I hope that make sense. The point is, there really is no generic answer to this question.

Okay. So, will the patent reviewer inform you as to which other patents you must obtain license from before you build a product, or do these patent holders just end up finding you at some point in the future?

By "patent reviewer" I assume you mean the patent examiners at the USPTO. In that case, no, the USPTO will only determine if you are entitled to a patent, and will not determine or investigate for you the broader question of what is necessary for you to do to practice your inventions.

If you are working with a patent agent or patent attorney (adviseable), then that person can help you to determine what licenses, if any, will be necessary for you to legally practice your invention.

And yes, if you start practicing an invention that infringes on another's patent, they may very well find you.

It is so unfortunate.
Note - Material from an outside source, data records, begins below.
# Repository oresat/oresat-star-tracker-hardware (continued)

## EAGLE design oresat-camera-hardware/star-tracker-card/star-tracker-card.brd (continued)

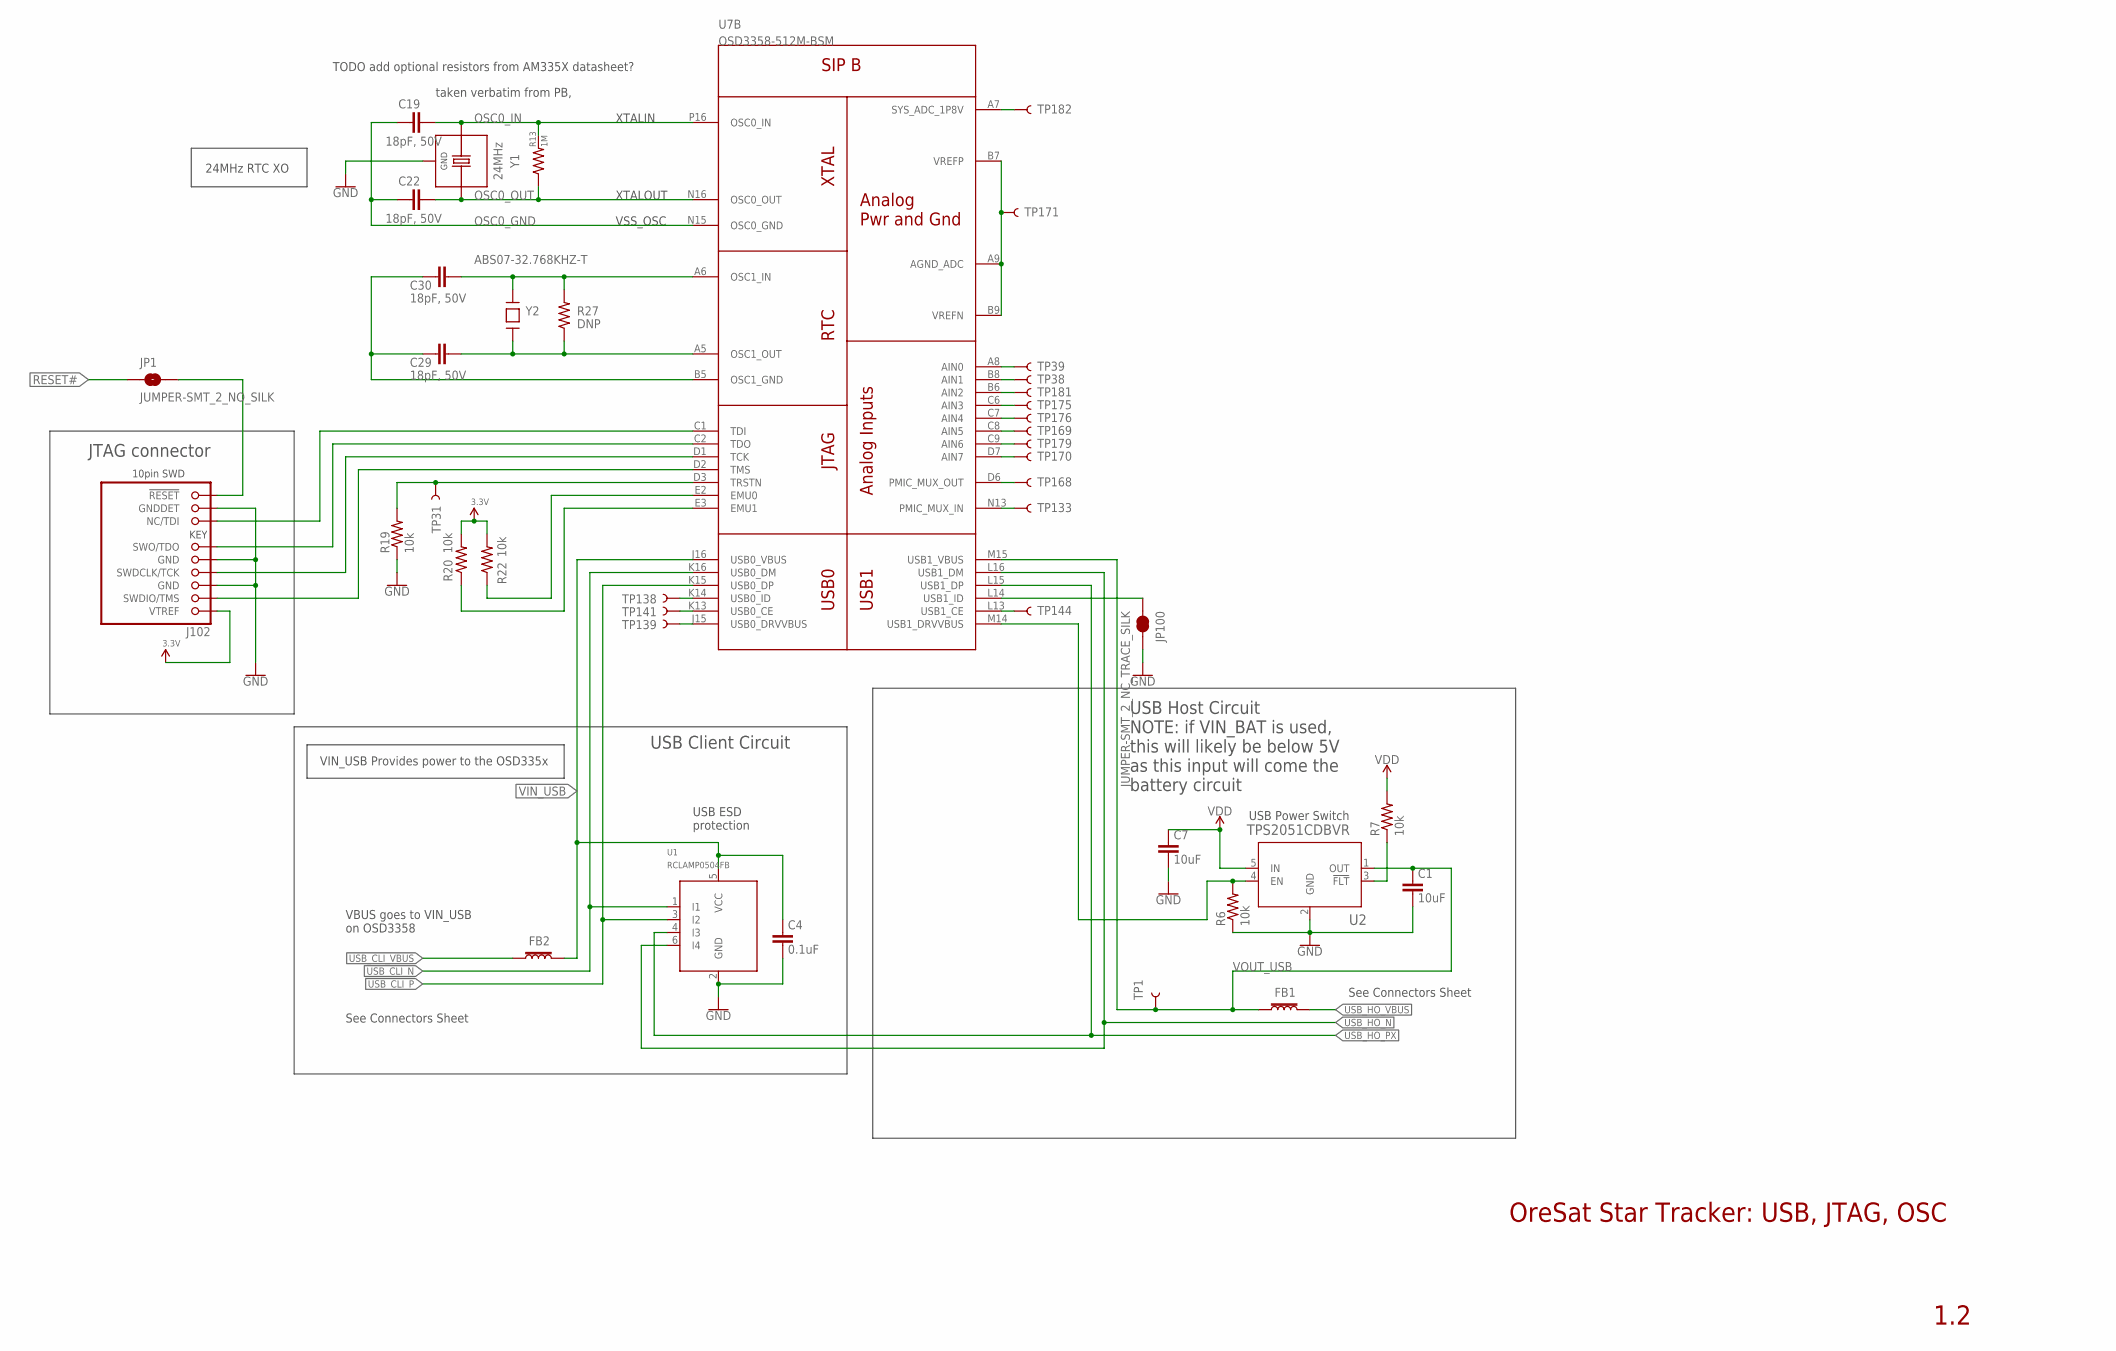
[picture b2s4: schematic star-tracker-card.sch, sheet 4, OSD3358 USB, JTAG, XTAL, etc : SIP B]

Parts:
C1, C7: 10uF; .0805-B
C4: 0.1uF; .0603-A
C19, C22, C29, C30: 18pF, 50V; .0603-A
FB1, FB2: 30Ω/1.8A; 0603; MPN BLM18KG300JH1D
J102: FTSH-105-XX-X-DV-K; CON10_2X5_DUK_FTSH
JP1: JUMPER-SMT_2_NO_SILK; SMT-JUMPER_2_NO_SILK
JP100: JUMPER-SMT_2_NC_TRACE_SILK; SMT-JUMPER_2_NC_TRACE_SILK
R6, R7, R19, R20, R22: 10k; .0603-A
R13: 1M; .0603-A
R27: DNP; .0603-A
TP1, TP31, TP38, TP39, TP133, TP138, TP139, TP141, TP144, TP168, TP169, TP170, TP171, TP175, TP176, TP179, TP181, TP182: TEST-POINT3X4; PAD.03X.04
U1: RCLAMP0504FB; SC70-6
U2: TPS2051CDBVR; DBV5
U7: OSD3358-512M-BSM; OSD335X-BGA-256
Y1: 24MHz; 5X3.2-4SMD
Y2: ABS07-32.768KHZ-T; CRYSTAL_3.2X1.5

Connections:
3.3V: J102.1 (VTREF), R20.2, R22.2; also elsewhere on the board
GND: C1.2, C4.2, C7.2, J102.3 (GND), J102.5 (GND), J102.9 (GNDDET), JP100.2, R6.1, R19.1, U1.2 (GND), U2.2 (GND), Y1.2 (GND), Y1.4 (GND); also elsewhere on the board
unnamed: TP171.P$1, U7.A9 (AGND_ADC), U7.B7 (VREFP), U7.B9 (VREFN)
unnamed: TP170.P$1, U7.D7 (AIN7)
unnamed: TP179.P$1, U7.C9 (AIN6)
unnamed: TP169.P$1, U7.C8 (AIN5)
unnamed: TP176.P$1, U7.C7 (AIN4)
unnamed: TP175.P$1, U7.C6 (AIN3)
unnamed: TP181.P$1, U7.B6 (AIN2)
unnamed: TP38.P$1, U7.B8 (AIN1)
unnamed: TP39.P$1, U7.A8 (AIN0)
unnamed: TP141.P$1, U7.K13 (USB0_CE)
unnamed: TP139.P$1, U7.J15 (USB0_DRVVBUS)
unnamed: TP182.P$1, U7.A7 (SYS_ADC_1P8V)
unnamed: TP168.P$1, U7.D6 (PMIC_MUX_OUT)
unnamed: R20.1, U7.E3 (EMU1)
unnamed: TP144.P$1, U7.L13 (USB1_CE)
unnamed: R22.1, U7.E2 (EMU0)
unnamed: JP100.1, U7.L14 (USB1_ID)
unnamed: TP138.P$1, U7.K14 (USB0_ID)
unnamed: J102.10 (!RESET), JP1.2
unnamed: J102.6 (SWO/TDO), U7.C2 (TDO)
unnamed: J102.4 (SWDCLK/TCK), U7.D1 (TCK)
unnamed: J102.2 (SWDIO/TMS), U7.D2 (TMS)
unnamed: R6.2, U2.4 (EN), U7.M14 (USB1_DRVVBUS)
unnamed: R7.1, U2.3 (!FLT)
unnamed: J102.8 (NC/TDI), U7.C1 (TDI)
unnamed: R19.2, TP31.P$1, U7.D3 (TRSTN)
OSC0_GND: C19.1, C22.1, U7.N15 (OSC0_GND)
OSC0_IN: C19.2, R13.2, U7.P16 (OSC0_IN), Y1.1 (X1)
OSC0_OUT: C22.2, R13.1, U7.N16 (OSC0_OUT), Y1.3 (X2)
OSC1_GND1: C29.2, C30.2, U7.B5 (OSC1_GND)
OSC1_IN1: C30.1, R27.2, U7.A6 (OSC1_IN), Y2.P$2
OSC1_OUT1: C29.1, R27.1, U7.A5 (OSC1_OUT), Y2.P$1
PMIC_MUX_IN: TP133.P$1, U7.N13 (PMIC_MUX_IN)
RESET#: JP1.1; also elsewhere on the board
USB_CLI_N: U1.1 (I1), U7.K16 (USB0_DM); also elsewhere on the board
USB_CLI_P: U1.3 (I2), U7.K15 (USB0_DP); also elsewhere on the board
USB_CLI_VBUS: FB2.1; also elsewhere on the board
USB_HO_N: U1.6 (I4), U7.L16 (USB1_DM); also elsewhere on the board
USB_HO_PX: U1.4 (I3), U7.L15 (USB1_DP); also elsewhere on the board
USB_HO_VBUS: FB1.2; also elsewhere on the board
VDD: C7.1, R7.2, U2.5 (IN); also elsewhere on the board
VIN_USB: C4.1, FB2.2, U1.5 (VCC), U7.J16 (USB0_VBUS); also elsewhere on the board
VOUT_USB: C1.1, FB1.1, TP1.P$1, U2.1 (OUT), U7.M15 (USB1_VBUS)

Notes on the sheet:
taken verbatim from PB,
VBUS goes to VIN_USB on OSD3358
USB ESD protection
USB Host Circuit NOTE: if VIN_BAT is used, this will likely be below 5V as this input will come the battery circuit
USB Power Switch
JTAG connector
USB Client Circuit
24MHz RTC XO
See Connectors Sheet
TODO add optional resistors from AM335X datasheet?
XTALIN
XTALOUT
VSS_OSC
VIN_USB Provides power to the OSD335x
OreSat Star Tracker: USB, JTAG, OSC
1.2

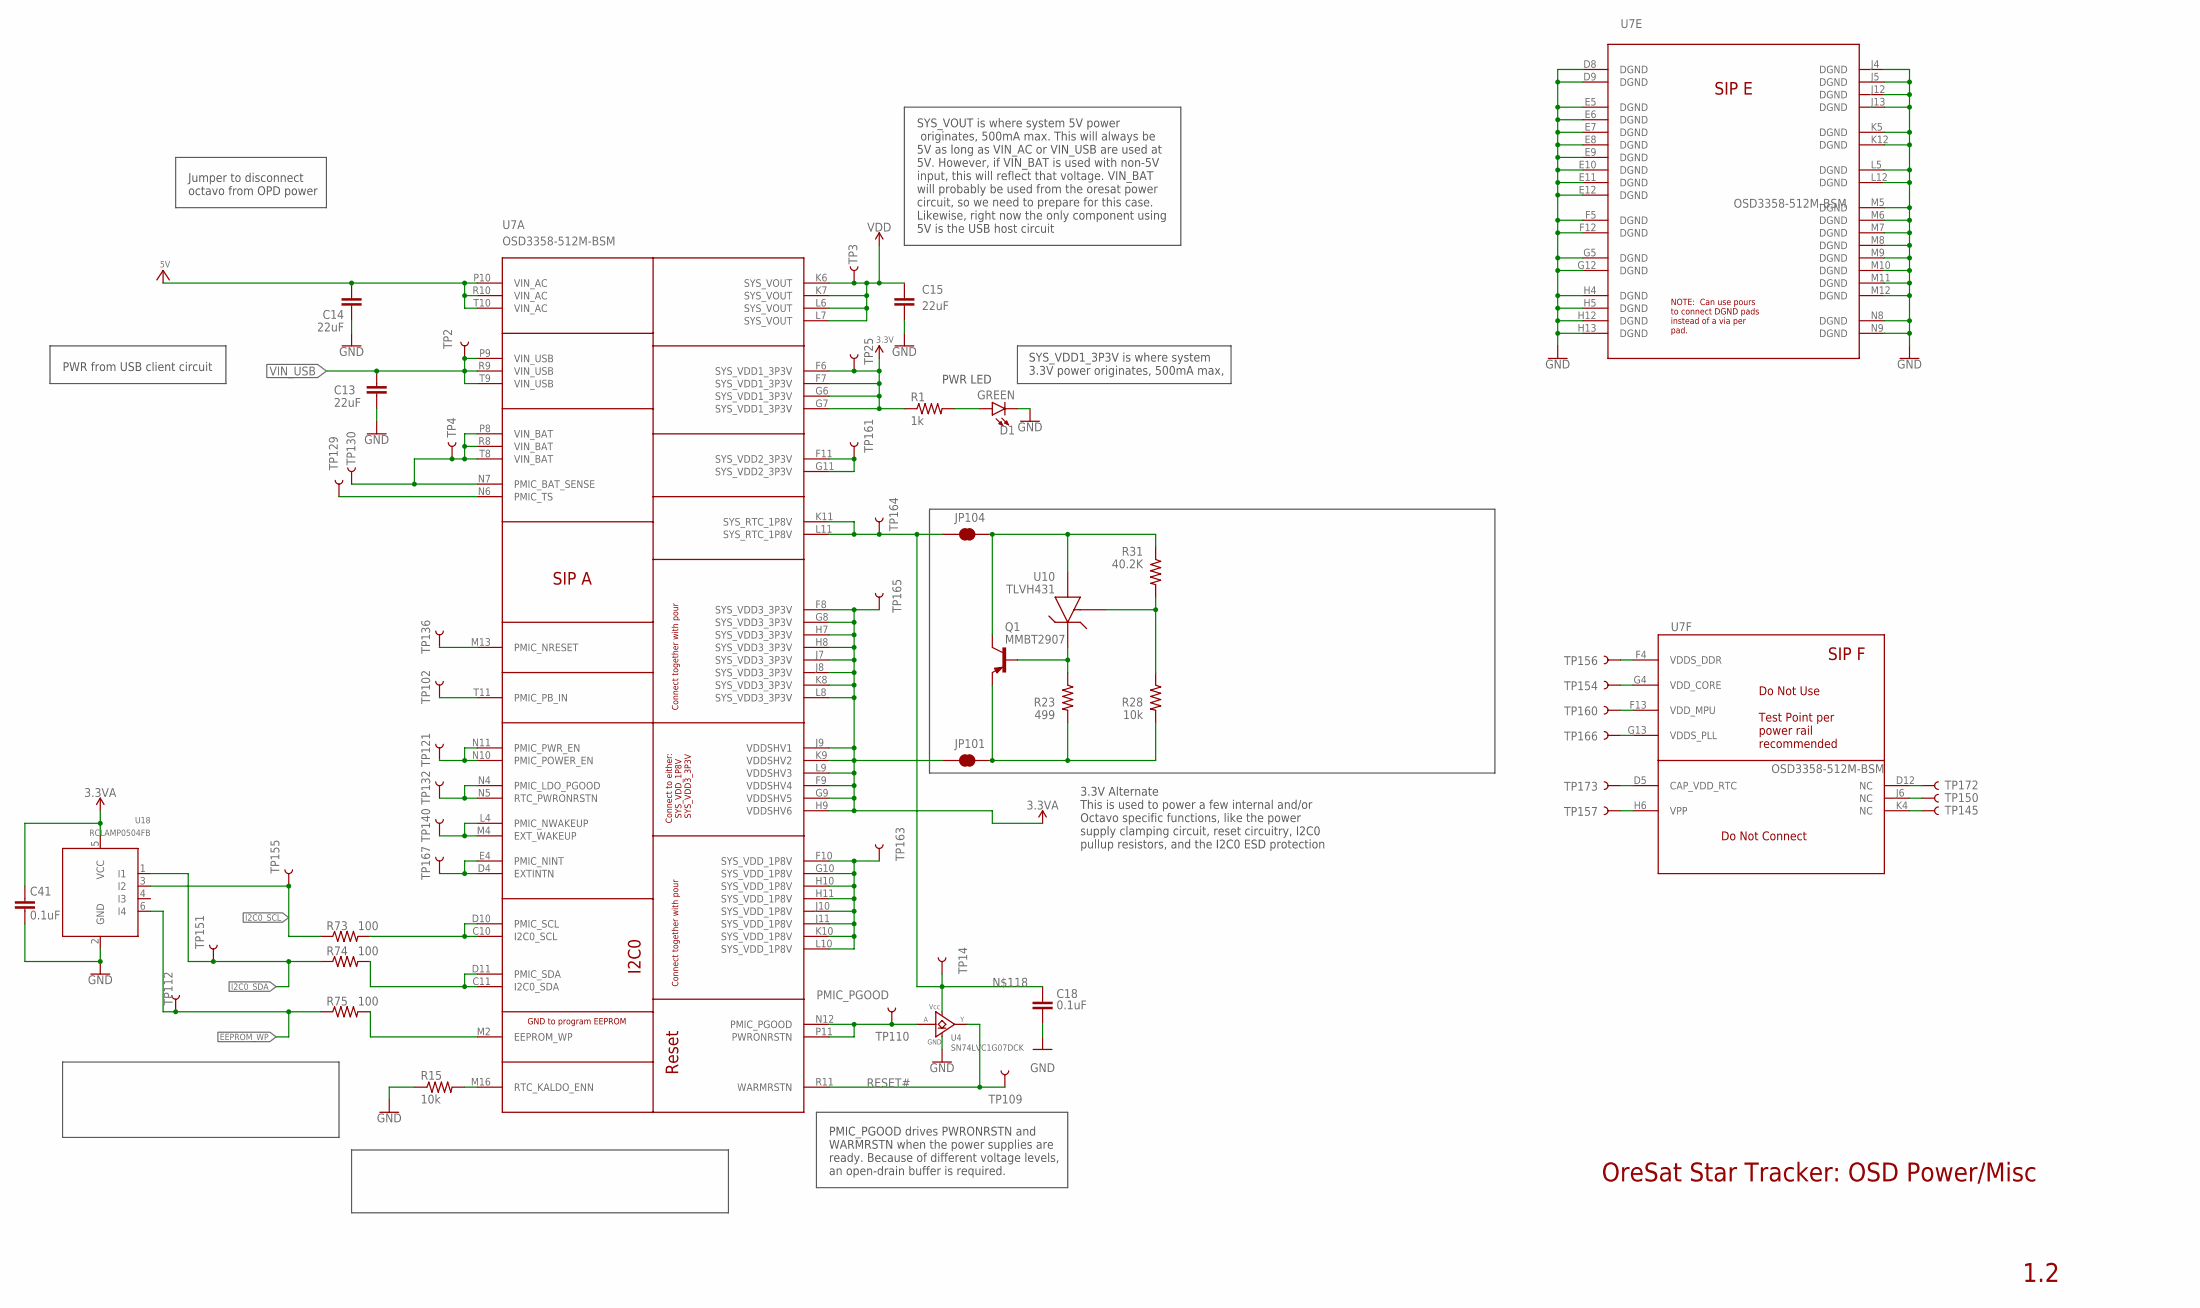
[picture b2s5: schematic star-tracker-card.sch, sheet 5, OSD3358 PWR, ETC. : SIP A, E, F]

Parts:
C13, C14, C15: 22uF; C1210
C18, C41: 0.1uF; .0603-A
D1: GREEN; LED-0603
JP101, JP104: JUMPER-SMT_2_NC_TRACE_SILK; SMT-JUMPER_2_NC_TRACE_SILK
Q1: MMBT2907; SOT23-BEC
R1: 1k; .0603-A
R15, R28: 10k; .0603-A
R23: 499; .0603-A
R31: 40.2K; .0603-A
R73, R74, R75: 100; .0603-A
TP2, TP3, TP4, TP14, TP25, TP102, TP109, TP110, TP112, TP121, TP129, TP130, TP132, TP136, TP140, TP145, TP150, TP151, TP154, TP155, TP156, TP157, TP160, TP161, TP163, TP164, TP165, TP166, TP167, TP172, TP173: TEST-POINT3X4; PAD.03X.04
U4: SN74LVC1G07DCK; C70(TI-DCK)
U7: OSD3358-512M-BSM; OSD335X-BGA-256
U10: TLVH431; SOT23-3
U18: RCLAMP0504FB; SC70-6

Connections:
3.3V: R1.1, TP25.P$1, U7.F6 (SYS_VDD1_3P3V), U7.F7 (SYS_VDD1_3P3V), U7.G6 (SYS_VDD1_3P3V), U7.G7 (SYS_VDD1_3P3V); also elsewhere on the board
3.3VA: C41.1, JP101.1, TP165.P$1, U7.F8 (SYS_VDD3_3P3V), U7.F9 (VDDSHV4), U7.G8 (SYS_VDD3_3P3V), U7.G9 (VDDSHV5), U7.H7 (SYS_VDD3_3P3V), U7.H8 (SYS_VDD3_3P3V), U7.H9 (VDDSHV6), U7.J7 (SYS_VDD3_3P3V), U7.J8 (SYS_VDD3_3P3V), U7.J9 (VDDSHV1), U7.K8 (SYS_VDD3_3P3V), U7.K9 (VDDSHV2), U7.L8 (SYS_VDD3_3P3V), U7.L9 (VDDSHV3), U18.5 (VCC)
5V: C14.1, U7.P10 (VIN_AC), U7.R10 (VIN_AC), U7.T10 (VIN_AC); also elsewhere on the board
EEPROM_WP: R75.1, TP112.P$1, U18.6 (I4); also elsewhere on the board
GND: C13.2, C14.2, C15.2, C18.2, C41.2, D1.C, R15.1, U4.3 (GND), U7.D8 (DGND), U7.D9 (DGND), U7.E5 (DGND), U7.E6 (DGND), U7.E7 (DGND), U7.E8 (DGND), U7.E9 (DGND), U7.E10 (DGND), U7.E11 (DGND), U7.E12 (DGND), U7.F5 (DGND), U7.F12 (DGND), U7.G5 (DGND), U7.G12 (DGND), U7.H4 (DGND), U7.H5 (DGND), U7.H12 (DGND), U7.H13 (DGND), U7.J4 (DGND), U7.J5 (DGND), U7.J12 (DGND), U7.J13 (DGND), U7.K5 (DGND), U7.K12 (DGND), U7.L5 (DGND), U7.L12 (DGND), U7.M5 (DGND), U7.M6 (DGND), U7.M7 (DGND), U7.M8 (DGND), U7.M9 (DGND), U7.M10 (DGND), U7.M11 (DGND), U7.M12 (DGND), U7.N8 (DGND), U7.N9 (DGND), U18.2 (GND); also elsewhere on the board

I have something that I want to take a chance on and bring to the market. I think it is awesome, inventive, fun and will be a great thing for people to have. I am passionate about it because of what it is, not because I think it will make me money, but in the end, I might not go forward because I am afraid of getting sued and losing it all. It is sad, really. Not afraid of taking a risk and going for a dream, afraid of litigation.

I don't know why it is sad -- it's just the way the system works. That said, maybe you should consider working with a patent attorney to see what types of things you can do without raising the question of infringement, or at least help you negotiate licenses if necessary.
 

kindafishy

Junior Member
Thank you very much for your thoughts and advice. I will consider it all carefully.

I don't know why it is sad -- it's just the way the system works.

I guess that I am using the word 'sad' to describe my feeling that it restricts innovation in some cases.

The statement is particular to the scenario that I am describing. A system that allows a person to 'reserve' an idea for the purposes of suing someone who later has a similar idea and has the drive and desire to invest blood, sweat and tears in bringing it to the market seems flawed.

I just don't like the idea of patent squatters, and it would be nice if there was some limitation that stopped people from doing this. None of this would bother me if the person who holds the original patent was actually bringing it to the market - I would have just walked away in that case. I just want to see the device built. I want one!